» **WHAT YOU HAVE TO DO**:
All that should be output is the block of lines below from the line with "Product4/1 -> Gain15/1" to the line with "Add1/1 -> MATLAB", both included, exactly as written.

****************

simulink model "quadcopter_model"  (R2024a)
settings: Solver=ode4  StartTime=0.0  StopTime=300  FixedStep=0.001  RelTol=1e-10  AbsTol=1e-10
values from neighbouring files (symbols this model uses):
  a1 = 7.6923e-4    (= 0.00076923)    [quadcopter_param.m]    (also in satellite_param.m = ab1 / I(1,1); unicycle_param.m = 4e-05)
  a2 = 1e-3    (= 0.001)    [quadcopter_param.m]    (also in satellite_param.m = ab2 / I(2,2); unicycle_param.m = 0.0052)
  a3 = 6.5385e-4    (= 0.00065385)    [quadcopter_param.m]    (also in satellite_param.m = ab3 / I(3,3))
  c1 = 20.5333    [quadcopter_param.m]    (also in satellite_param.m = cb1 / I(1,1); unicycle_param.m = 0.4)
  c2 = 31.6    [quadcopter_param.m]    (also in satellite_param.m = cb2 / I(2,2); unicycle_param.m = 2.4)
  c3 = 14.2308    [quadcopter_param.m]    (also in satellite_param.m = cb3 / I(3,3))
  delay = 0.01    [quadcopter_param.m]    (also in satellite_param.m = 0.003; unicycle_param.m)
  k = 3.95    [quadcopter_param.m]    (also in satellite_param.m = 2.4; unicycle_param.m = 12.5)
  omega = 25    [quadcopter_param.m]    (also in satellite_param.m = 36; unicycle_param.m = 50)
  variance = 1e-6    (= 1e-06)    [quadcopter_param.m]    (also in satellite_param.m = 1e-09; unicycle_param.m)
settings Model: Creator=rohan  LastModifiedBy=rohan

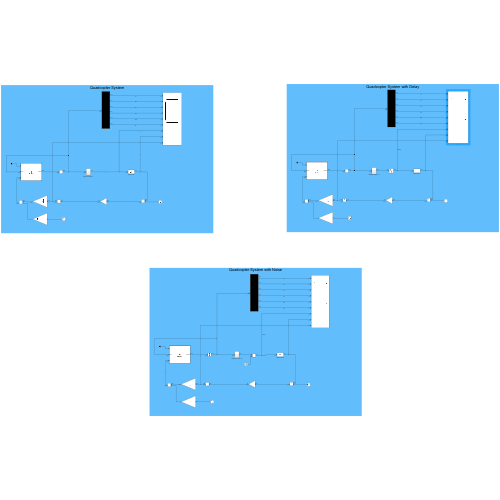
[thumbnail: Simulink's stored preview of the top-level diagram]
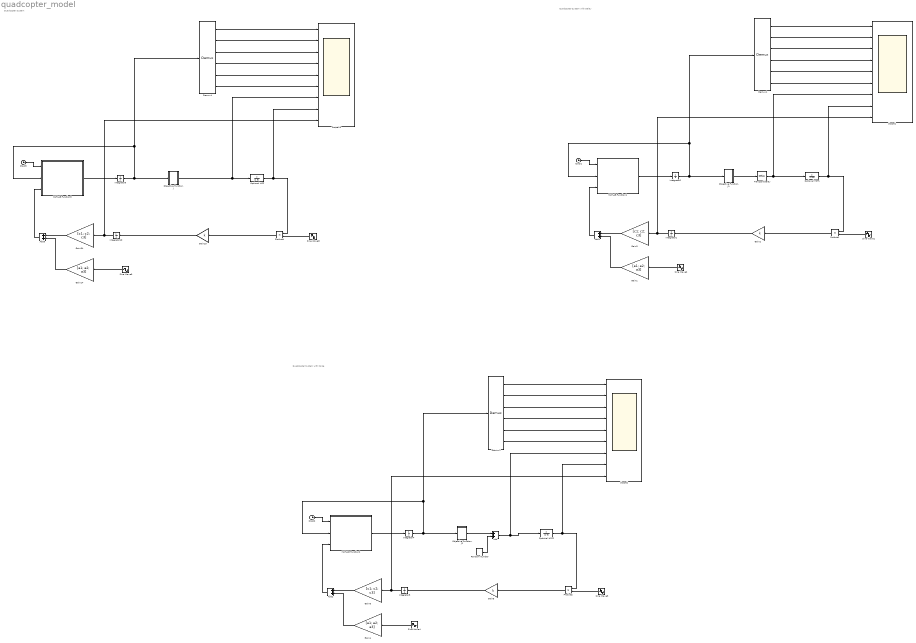
== system quadcopter_model ==
  note: Quadcopter System
  note: Quadcopter System with Delay
  note: Quadcopter System with Noise
  Add{,1..2,5} (4 alike) : Sum
  Clock1 : Clock
  Clock2 : Clock
  Clock5 : Clock
  Demux1 : Demux  Outputs=6
  Demux2 : Demux  Outputs=6
  Demux4 : Demux  Outputs=6
  Gain1 : Gain  Gain=[a1; a2; a3]
  Gain14 : Gain  Gain=[a1; a2; a3]
  Gain15 : Gain  Gain=k
  Gain2 : Gain  Gain=k
  Gain3 : Gain  Gain=[c1; c2; c3]
  Gain34 : Gain  Gain=[c1; c2; c3]
  Gain4 : Gain  Gain=[a1; a2; a3]
  Gain5 : Gain  Gain=k
  Gain6 : Gain  Gain=[c1; c2; c3]
  Integrator1 : Integrator
  Integrator10 : Integrator
  Integrator2 : Integrator  InitialCondition=[0; 0; 0; 10*pi/180; 15*pi/180; 12*pi/180]
  Integrator3 : Integrator
  Integrator4 : Integrator  InitialCondition=[0; 0; 0; 10*pi/180; 15*pi/180; 12*pi/180]
  Integrator9 : Integrator  InitialCondition=[0; 0; 0; 10*pi/180; 15*pi/180; 12*pi/180]
  MATLAB Function1 : MATLAB Function  TreatAsAtomicUnit=on
  MATLAB Function2 : MATLAB Function  TreatAsAtomicUnit=on
  MATLAB Function5 : MATLAB Function  TreatAsAtomicUnit=on
  "Objective Function, J" : Subsystem
  "Objective Function, J1" : Subsystem
  "Objective Function, J2" : Subsystem
  Optional HPF : TransferFcn  Numerator=[1 0]  Denominator=[1 e]
  Optional HPF1 : TransferFcn  Numerator=[1 0]  Denominator=[1 e]
  Optional HPF2 : TransferFcn  Numerator=[1 0]  Denominator=[1 e]
  Product1 : Product
  Product2 : Product
  Product4 : Product
  Random Number : RandomNumber  Variance=variance  Seed=1  SampleTime=0.001
  Scope1 : Scope  NumInputPorts=9
  Scope13 : Scope  NumInputPorts=9
  Scope2 : Scope  NumInputPorts=9
  Sine Wave{1..4,8..9} (6 alike) : Sin  Amplitude=omega  Frequency=omega  Phase=pi/2  SampleTime=0
  Transport Delay : TransportDelay  DelayTime=delay  InitialOutput=(10*pi/180 - 0)^2 + (15*pi/180 - 0)^2 + (12*pi/180 - 0)^2
  wires:
  Optional HPF/1 -> Product4/1, Scope13/8  "h"
  Demux4/4 -> Scope13/4  "psi"
  Product4/1 -> Gain15/1
  Gain15/1 -> Integrator10/1  "lpf"
  Demux4/2 -> Scope13/2  "w2"
  Demux4/5 -> Scope13/5  "theta"
  Integrator9/1 -> "Objective Function, J"/1(In1), MATLAB Function5/2(state), Demux4/1
  Gain14/1 -> Add5/2
  Demux4/1 -> Scope13/1  "w1"
  Demux4/3 -> Scope13/3  "w3"
  Add5/1 -> MATLAB Function5/3(u)  "u"
  Demux4/6 -> Scope13/6  "phi"
  Sine Wave8/1 -> Product4/2
  MATLAB Function5/1(statedot) -> Integrator9/1
  Sine Wave9/1 -> Gain14/1
  Clock5/1 -> MATLAB Function5/1(t)
  "Objective Function, J"/1(Out1) -> Optional HPF/1, Scope13/7  "J"
  Integrator10/1 -> Scope13/9, Gain34/1  "uhat"
  Gain34/1 -> Add5/1
  Gain1/1 -> Add1/2
  Gain3/1 -> Add1/1
  Add1/1 -> MATLAB Function1/3(u)  "u"
  Clock1/1 -> MATLAB Function1/1(t)
  Demux1/2 -> Scope1/2  "w2"
  MATLAB Function1/1(statedot) -> Integrator2/1
  Demux1/6 -> Scope1/6  "phi"
  Demux1/1 -> Scope1/1  "w1"
  Demux1/4 -> Scope1/4  "psi"
  Optional HPF1/1 -> Product1/1, Scope1/8  "h"
  Product1/1 -> Gain2/1
  Gain2/1 -> Integrator1/1  "lpf"
  Sine Wave2/1 -> Gain1/1
  Demux1/5 -> Scope1/5  "theta"
  Integrator2/1 -> "Objective Function, J1"/1(In1), MATLAB Function1/2(state), Demux1/1
  Sine Wave1/1 -> Product1/2
  "Objective Function, J1"/1(Out1) -> Transport Delay/1  "J"
  Demux1/3 -> Scope1/3  "w3"
  Integrator1/1 -> Scope1/9, Gain3/1  "uhat"
  Transport Delay/1 -> Scope1/7, Optional HPF1/1  "J+delay"
  Integrator3/1 -> Scope2/9, Gain6/1  "uhat"
  Demux2/3 -> Scope2/3  "w3"
  "Objective Function, J2"/1(Out1) -> Add/1  "J"
  Integrator4/1 -> "Objective Function, J2"/1(In1), MATLAB Function2/2(state), Demux2/1
  Sine Wave4/1 -> Gain4/1
  Gain5/1 -> Integrator3/1  "lpf"
  Demux2/5 -> Scope2/5  "theta"
  Optional HPF2/1 -> Product2/1, Scope2/8  "h"
  Product2/1 -> Gain5/1
  Demux2/6 -> Scope2/6  "phi"
  Sine Wave3/1 -> Product2/2
  Add/1 -> Scope2/7, Optional HPF2/1  "J+noise"
  MATLAB Function2/1(statedot) -> Integrator4/1
  Demux2/1 -> Scope2/1  "w1"
  Gain4/1 -> Add2/2
  Demux2/2 -> Scope2/2  "w2"
  Gain6/1 -> Add2/1
  Clock2/1 -> MATLAB Function2/1(t)
  Demux2/4 -> Scope2/4  "psi"
  Add2/1 -> MATLAB Function2/3(u)  "u"
  Random Number/1 -> Add/2

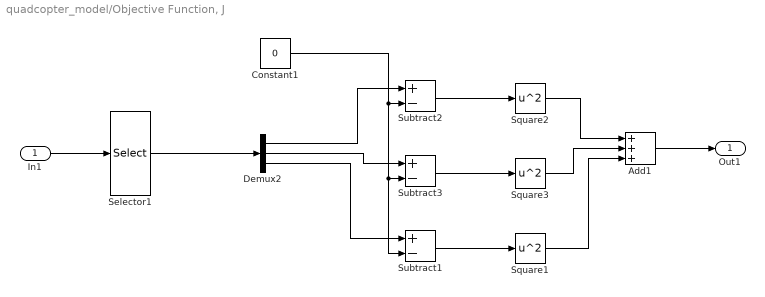
== system quadcopter_model/Objective Function, J ==
  In1 : Inport
  Add1 : Sum  Inputs=+++
  Constant1 : Constant  Value=0
  Demux2 : Demux  Outputs=3
  Selector1 : Selector  InputPortWidth=6  IndexOptions=Index vector (dialog)  Indices=[4 5 6]  OutputSizes=1
  Square1 : Math  Operator=square
  Square2 : Math  Operator=square
  Square3 : Math  Operator=square
  Subtract1 : Sum  Inputs=+-
  Subtract2 : Sum  Inputs=+-
  Subtract3 : Sum  Inputs=+-
  Out1 : Outport
  wires:
  Demux2/1 -> Subtract2/1
  Selector1/1 -> Demux2/1
  Constant1/1 -> Subtract1/2, Subtract3/2, Subtract2/2
  Square2/1 -> Add1/1
  Square3/1 -> Add1/2
  Demux2/2 -> Subtract3/1
  Subtract3/1 -> Square3/1
  Subtract2/1 -> Square2/1
  Add1/1 -> Out1/1
  In1/1 -> Selector1/1
  Demux2/3 -> Subtract1/1
  Subtract1/1 -> Square1/1
  Square1/1 -> Add1/3

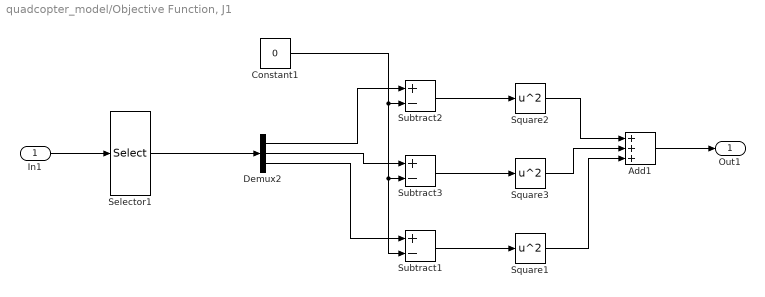
== system quadcopter_model/Objective Function, J1 ==
  In1 : Inport
  Add1 : Sum  Inputs=+++
  Constant1 : Constant  Value=0
  Demux2 : Demux  Outputs=3
  Selector1 : Selector  InputPortWidth=6  IndexOptions=Index vector (dialog)  Indices=[4 5 6]  OutputSizes=1
  Square1 : Math  Operator=square
  Square2 : Math  Operator=square
  Square3 : Math  Operator=square
  Subtract1 : Sum  Inputs=+-
  Subtract2 : Sum  Inputs=+-
  Subtract3 : Sum  Inputs=+-
  Out1 : Outport
  wires:
  Demux2/1 -> Subtract2/1
  Selector1/1 -> Demux2/1
  Constant1/1 -> Subtract1/2, Subtract3/2, Subtract2/2
  Square2/1 -> Add1/1
  Square3/1 -> Add1/2
  Demux2/2 -> Subtract3/1
  Subtract3/1 -> Square3/1
  Subtract2/1 -> Square2/1
  Add1/1 -> Out1/1
  In1/1 -> Selector1/1
  Demux2/3 -> Subtract1/1
  Subtract1/1 -> Square1/1
  Square1/1 -> Add1/3

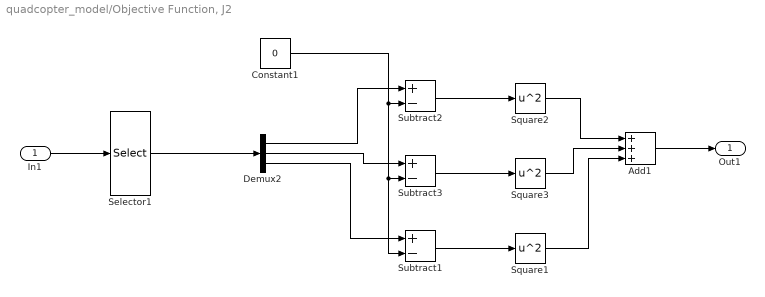
== system quadcopter_model/Objective Function, J2 ==
  In1 : Inport
  Add1 : Sum  Inputs=+++
  Constant1 : Constant  Value=0
  Demux2 : Demux  Outputs=3
  Selector1 : Selector  InputPortWidth=6  IndexOptions=Index vector (dialog)  Indices=[4 5 6]  OutputSizes=1
  Square1 : Math  Operator=square
  Square2 : Math  Operator=square
  Square3 : Math  Operator=square
  Subtract1 : Sum  Inputs=+-
  Subtract2 : Sum  Inputs=+-
  Subtract3 : Sum  Inputs=+-
  Out1 : Outport
  wires:
  Demux2/1 -> Subtract2/1
  Selector1/1 -> Demux2/1
  Constant1/1 -> Subtract1/2, Subtract3/2, Subtract2/2
  Square2/1 -> Add1/1
  Square3/1 -> Add1/2
  Demux2/2 -> Subtract3/1
  Subtract3/1 -> Square3/1
  Subtract2/1 -> Square2/1
  Add1/1 -> Out1/1
  In1/1 -> Selector1/1
  Demux2/3 -> Subtract1/1
  Subtract1/1 -> Square1/1
  Square1/1 -> Add1/3

== matlab function quadcopter_model/MATLAB Function2 ==
  data: t input; state input; u input; statedot output
function statedot = dynamics(t,state,u)
w1 = state(1);
w2 = state(2);
w3 = state(3);
psi = state(4);
theta = state(5);
phi = state(6);

kr = diag([0.1, 0.1, 0.15]);
I = diag([0.0075, 0.0075, 0.013]); % kg*m^2

wArray = [w1; w2; w3];
wSkewSym = [0 -w3 w2;
            w3 0 -w1;
            -w2 w1 0];


wdot = I\(-wSkewSym*(I*wArray) - kr*wArray) + u;

angdot = ((1/cos(theta)) .* [0, sin(phi), cos(phi);
                            0, cos(phi)*cos(theta), -sin(phi)*cos(theta);
                            cos(theta), sin(phi)*sin(theta), cos(phi)*sin(theta)]) * wArray;


statedot = [wdot; angdot];
end

== matlab function quadcopter_model/MATLAB Function5 ==
  data: t input; state input; u input; statedot output
function statedot = dynamics(t,state,u)
w1 = state(1);
w2 = state(2);
w3 = state(3);
psi = state(4);
theta = state(5);
phi = state(6);

kr = diag([0.1, 0.1, 0.15]);
I = diag([0.0075, 0.0075, 0.013]); % kg*m^2

wArray = [w1; w2; w3];
wSkewSym = [0 -w3 w2;
            w3 0 -w1;
            -w2 w1 0];


wdot = I\(-wSkewSym*(I*wArray) - kr*wArray) + u;

angdot = ((1/cos(theta)) .* [0, sin(phi), cos(phi);
                            0, cos(phi)*cos(theta), -sin(phi)*cos(theta);
                            cos(theta), sin(phi)*sin(theta), cos(phi)*sin(theta)]) * wArray;


statedot = [wdot; angdot];
end

== matlab function quadcopter_model/MATLAB Function1 ==
  data: t input; state input; u input; statedot output
function statedot = dynamics(t,state,u)
w1 = state(1);
w2 = state(2);
w3 = state(3);
psi = state(4);
theta = state(5);
phi = state(6);

kr = diag([0.1, 0.1, 0.15]);
I = diag([0.0075, 0.0075, 0.013]); % kg*m^2

wArray = [w1; w2; w3];
wSkewSym = [0 -w3 w2;
            w3 0 -w1;
            -w2 w1 0];


wdot = I\(-wSkewSym*(I*wArray) - kr*wArray) + u;

angdot = ((1/cos(theta)) .* [0, sin(phi), cos(phi);
                            0, cos(phi)*cos(theta), -sin(phi)*cos(theta);
                            cos(theta), sin(phi)*sin(theta), cos(phi)*sin(theta)]) * wArray;


statedot = [wdot; angdot];
end

****************

» **ANSWER TO THIS PROBLEM**:
  Product4/1 -> Gain15/1
  Gain15/1 -> Integrator10/1  "lpf"
  Demux4/2 -> Scope13/2  "w2"
  Demux4/5 -> Scope13/5  "theta"
  Integrator9/1 -> "Objective Function, J"/1(In1), MATLAB Function5/2(state), Demux4/1
  Gain14/1 -> Add5/2
  Demux4/1 -> Scope13/1  "w1"
  Demux4/3 -> Scope13/3  "w3"
  Add5/1 -> MATLAB Function5/3(u)  "u"
  Demux4/6 -> Scope13/6  "phi"
  Sine Wave8/1 -> Product4/2
  MATLAB Function5/1(statedot) -> Integrator9/1
  Sine Wave9/1 -> Gain14/1
  Clock5/1 -> MATLAB Function5/1(t)
  "Objective Function, J"/1(Out1) -> Optional HPF/1, Scope13/7  "J"
  Integrator10/1 -> Scope13/9, Gain34/1  "uhat"
  Gain34/1 -> Add5/1
  Gain1/1 -> Add1/2
  Gain3/1 -> Add1/1
  Add1/1 -> MATLAB Function1/3(u)  "u"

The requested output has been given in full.